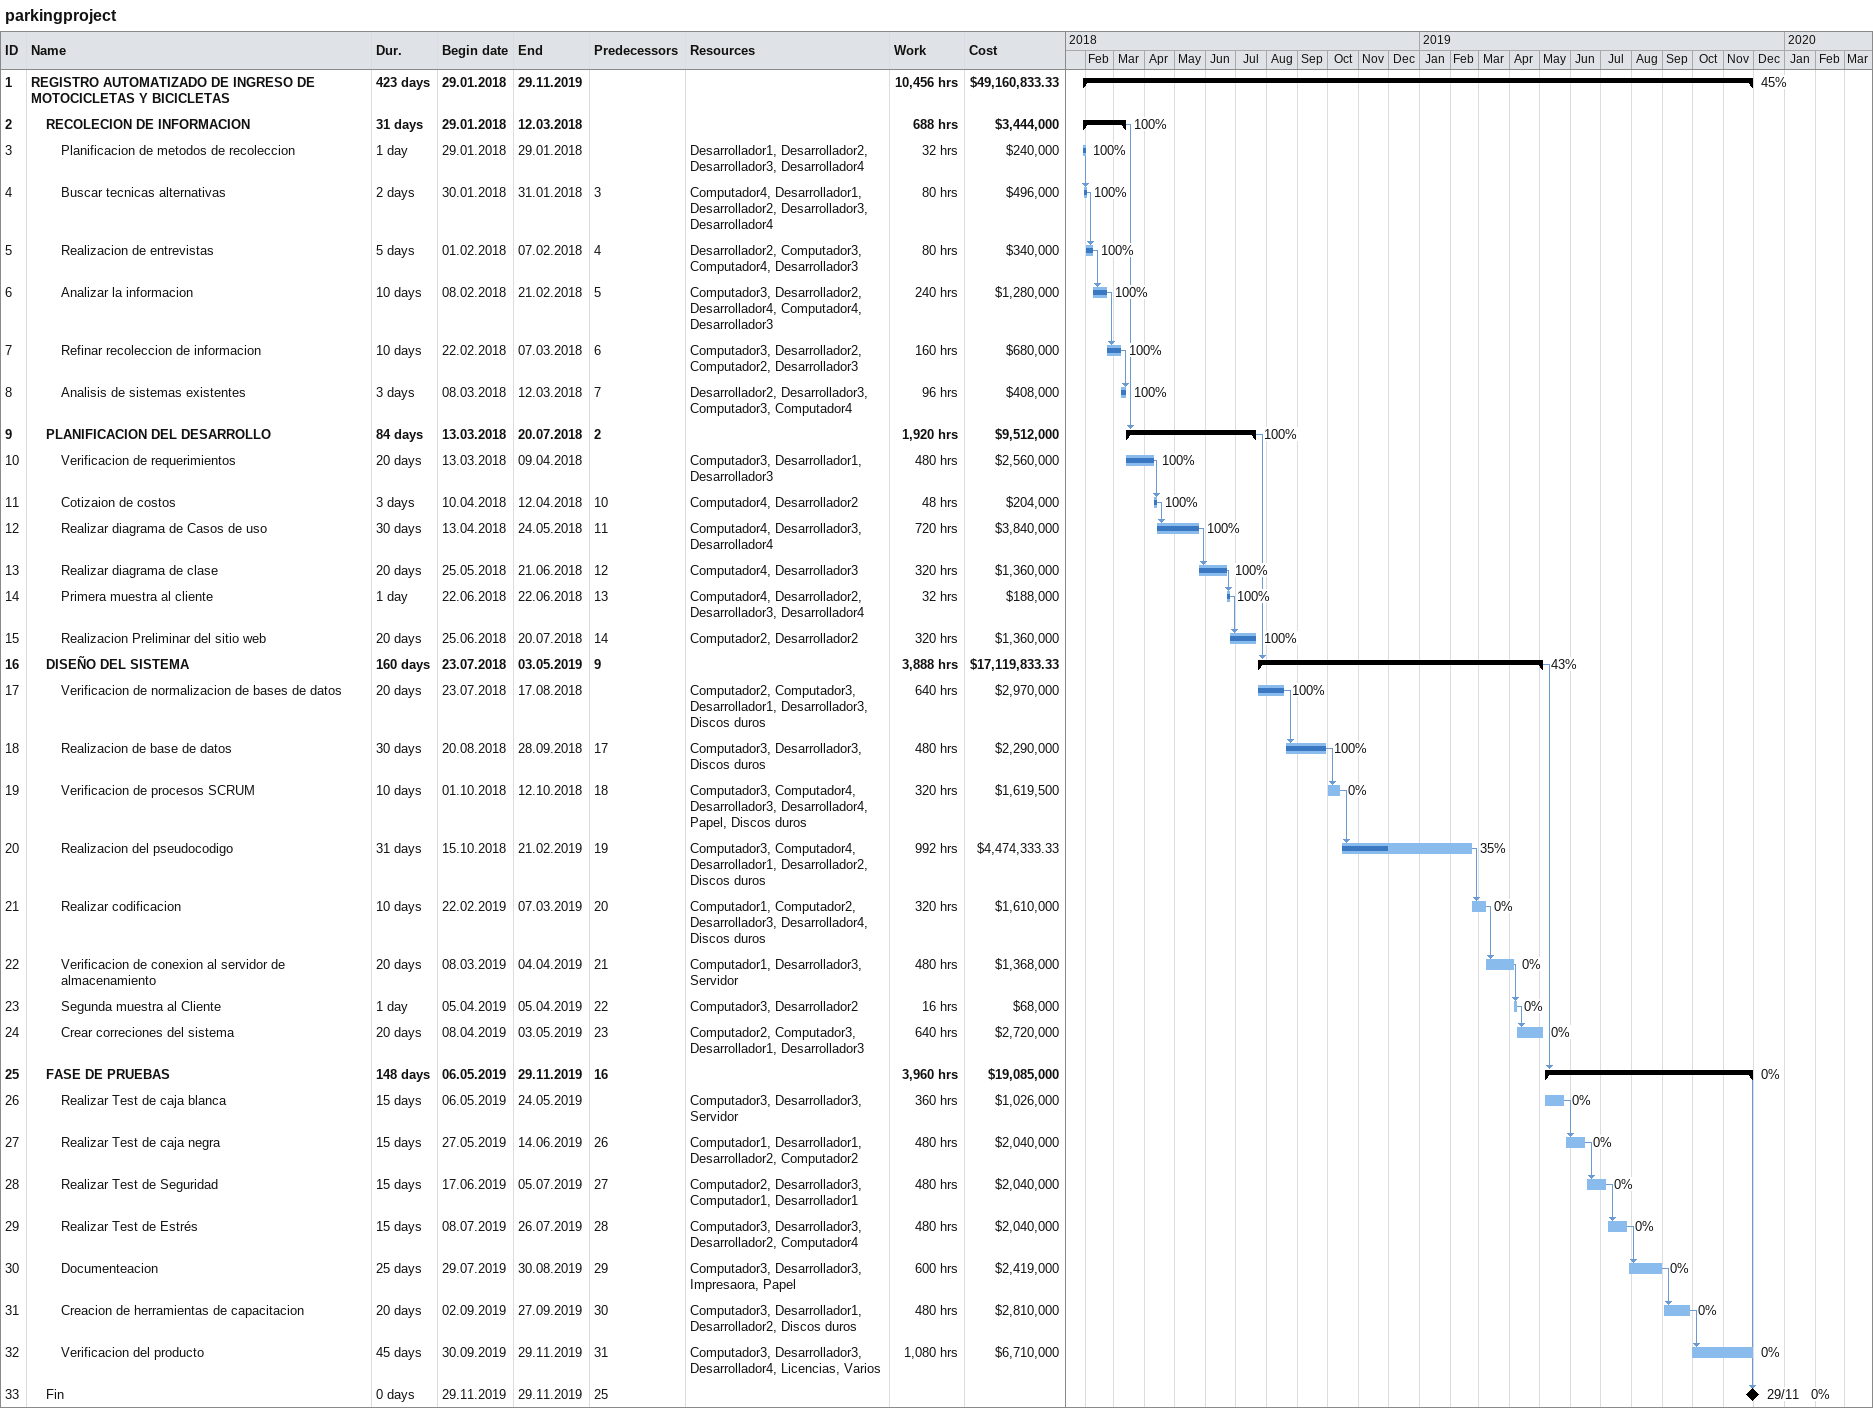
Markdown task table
parkingproject

| ID | Level | Task | Duration | Start | Finish | Predecessors | Resources | % complete | Work (h) | Cost ($) |
|---|---|---|---|---|---|---|---|---|---|---|
| 1 | 1 | **REGISTRO AUTOMATIZADO DE INGRESO DE MOTOCICLETAS Y BICICLETAS** | 423d | 2018-01-29 | 2019-11-29 |  |  | 45 | 10456 | 49160833.33 |
| 2 | 2 | **RECOLECION DE INFORMACION** | 31d | 2018-01-29 | 2018-03-12 |  |  | 100 | 688 | 3444000 |
| 3 | 3 | Planificacion de metodos de recoleccion | 1d | 2018-01-29 | 2018-01-29 |  | Desarrollador1, Desarrollador2, Desarrollador3, Desarrollador4 | 100 | 32 | 240000 |
| 4 | 3 | Buscar tecnicas alternativas | 2d | 2018-01-30 | 2018-01-31 | 3 | Computador4, Desarrollador1, Desarrollador2, Desarrollador3, Desarrollador4 | 100 | 80 | 496000 |
| 5 | 3 | Realizacion de entrevistas | 5d | 2018-02-01 | 2018-02-07 | 4 | Desarrollador2, Computador3, Computador4, Desarrollador3 | 100 | 80 | 340000 |
| 6 | 3 | Analizar la informacion | 10d | 2018-02-08 | 2018-02-21 | 5 | Computador3, Desarrollador2, Desarrollador4, Computador4, Desarrollador3 | 100 | 240 | 1280000 |
| 7 | 3 | Refinar recoleccion de informacion | 10d | 2018-02-22 | 2018-03-07 | 6 | Computador3, Desarrollador2, Computador2, Desarrollador3 | 100 | 160 | 680000 |
| 8 | 3 | Analisis de sistemas existentes | 3d | 2018-03-08 | 2018-03-12 | 7 | Desarrollador2, Desarrollador3, Computador3, Computador4 | 100 | 96 | 408000 |
| 9 | 2 | **PLANIFICACION DEL DESARROLLO** | 84d | 2018-03-13 | 2018-07-20 | 2 |  | 100 | 1920 | 9512000 |
| 10 | 3 | Verificacion de requerimientos | 20d | 2018-03-13 | 2018-04-09 |  | Computador3, Desarrollador1, Desarrollador3 | 100 | 480 | 2560000 |
| 11 | 3 | Cotizaion de costos | 3d | 2018-04-10 | 2018-04-12 | 10 | Computador4, Desarrollador2 | 100 | 48 | 204000 |
| 12 | 3 | Realizar diagrama de Casos de uso | 30d | 2018-04-13 | 2018-05-24 | 11 | Computador4, Desarrollador3, Desarrollador4 | 100 | 720 | 3840000 |
| 13 | 3 | Realizar diagrama de clase | 20d | 2018-05-25 | 2018-06-21 | 12 | Computador4, Desarrollador3 | 100 | 320 | 1360000 |
| 14 | 3 | Primera muestra al cliente | 1d | 2018-06-22 | 2018-06-22 | 13 | Computador4, Desarrollador2, Desarrollador3, Desarrollador4 | 100 | 32 | 188000 |
| 15 | 3 | Realizacion Preliminar del sitio web | 20d | 2018-06-25 | 2018-07-20 | 14 | Computador2, Desarrollador2 | 100 | 320 | 1360000 |
| 16 | 2 | **DISEÑO DEL SISTEMA** | 160d | 2018-07-23 | 2019-05-03 | 9 |  | 43 | 3888 | 17119833.33 |
| 17 | 3 | Verificacion de normalizacion de bases de datos | 20d | 2018-07-23 | 2018-08-17 |  | Computador2, Computador3, Desarrollador1, Desarrollador3, Discos duros | 100 | 640 | 2970000 |
| 18 | 3 | Realizacion de base de datos | 30d | 2018-08-20 | 2018-09-28 | 17 | Computador3, Desarrollador3, Discos duros | 100 | 480 | 2290000 |
| 19 | 3 | Verificacion de procesos SCRUM | 10d | 2018-10-01 | 2018-10-12 | 18 | Computador3, Computador4, Desarrollador3, Desarrollador4, Papel, Discos duros | 0 | 320 | 1619500 |
| 20 | 3 | Realizacion del pseudocodigo | 31d | 2018-10-15 | 2019-02-21 | 19 | Computador3, Computador4, Desarrollador1, Desarrollador2, Discos duros | 35 | 992 | 4474333.33 |
| 21 | 3 | Realizar codificacion | 10d | 2019-02-22 | 2019-03-07 | 20 | Computador1, Computador2, Desarrollador3, Desarrollador4, Discos duros | 0 | 320 | 1610000 |
| 22 | 3 | Verificacion de conexion al servidor de almacenamiento | 20d | 2019-03-08 | 2019-04-04 | 21 | Computador1, Desarrollador3, Servidor | 0 | 480 | 1368000 |
| 23 | 3 | Segunda muestra al Cliente | 1d | 2019-04-05 | 2019-04-05 | 22 | Computador3, Desarrollador2 | 0 | 16 | 68000 |
| 24 | 3 | Crear correciones del sistema | 20d | 2019-04-08 | 2019-05-03 | 23 | Computador2, Computador3, Desarrollador1, Desarrollador3 | 0 | 640 | 2720000 |
| 25 | 2 | **FASE DE PRUEBAS** | 148d | 2019-05-06 | 2019-11-29 | 16 |  | 0 | 3960 | 19085000 |
| 26 | 3 | Realizar Test de caja blanca | 15d | 2019-05-06 | 2019-05-24 |  | Computador3, Desarrollador3, Servidor | 0 | 360 | 1026000 |
| 27 | 3 | Realizar Test de caja negra | 15d | 2019-05-27 | 2019-06-14 | 26 | Computador1, Desarrollador1, Desarrollador2, Computador2 | 0 | 480 | 2040000 |
| 28 | 3 | Realizar Test de Seguridad | 15d | 2019-06-17 | 2019-07-05 | 27 | Computador2, Desarrollador3, Computador1, Desarrollador1 | 0 | 480 | 2040000 |
| 29 | 3 | Realizar Test de Estrés | 15d | 2019-07-08 | 2019-07-26 | 28 | Computador3, Desarrollador3, Desarrollador2, Computador4 | 0 | 480 | 2040000 |
| 30 | 3 | Documenteacion | 25d | 2019-07-29 | 2019-08-30 | 29 | Computador3, Desarrollador3, Impresaora, Papel | 0 | 600 | 2419000 |
| 31 | 3 | Creacion de herramientas de capacitacion | 20d | 2019-09-02 | 2019-09-27 | 30 | Computador3, Desarrollador1, Desarrollador2, Discos duros | 0 | 480 | 2810000 |
| 32 | 3 | Verificacion del producto | 45d | 2019-09-30 | 2019-11-29 | 31 | Computador3, Desarrollador3, Desarrollador4, Licencias, Varios | 0 | 1080 | 6710000 |
| 33 | 2 | Fin | 0d | 2019-11-29 | 2019-11-29 | 25 |  | 0 |  |  |

--------

The answer should be a single number: how many lines of the entries hold "Verificacion".

5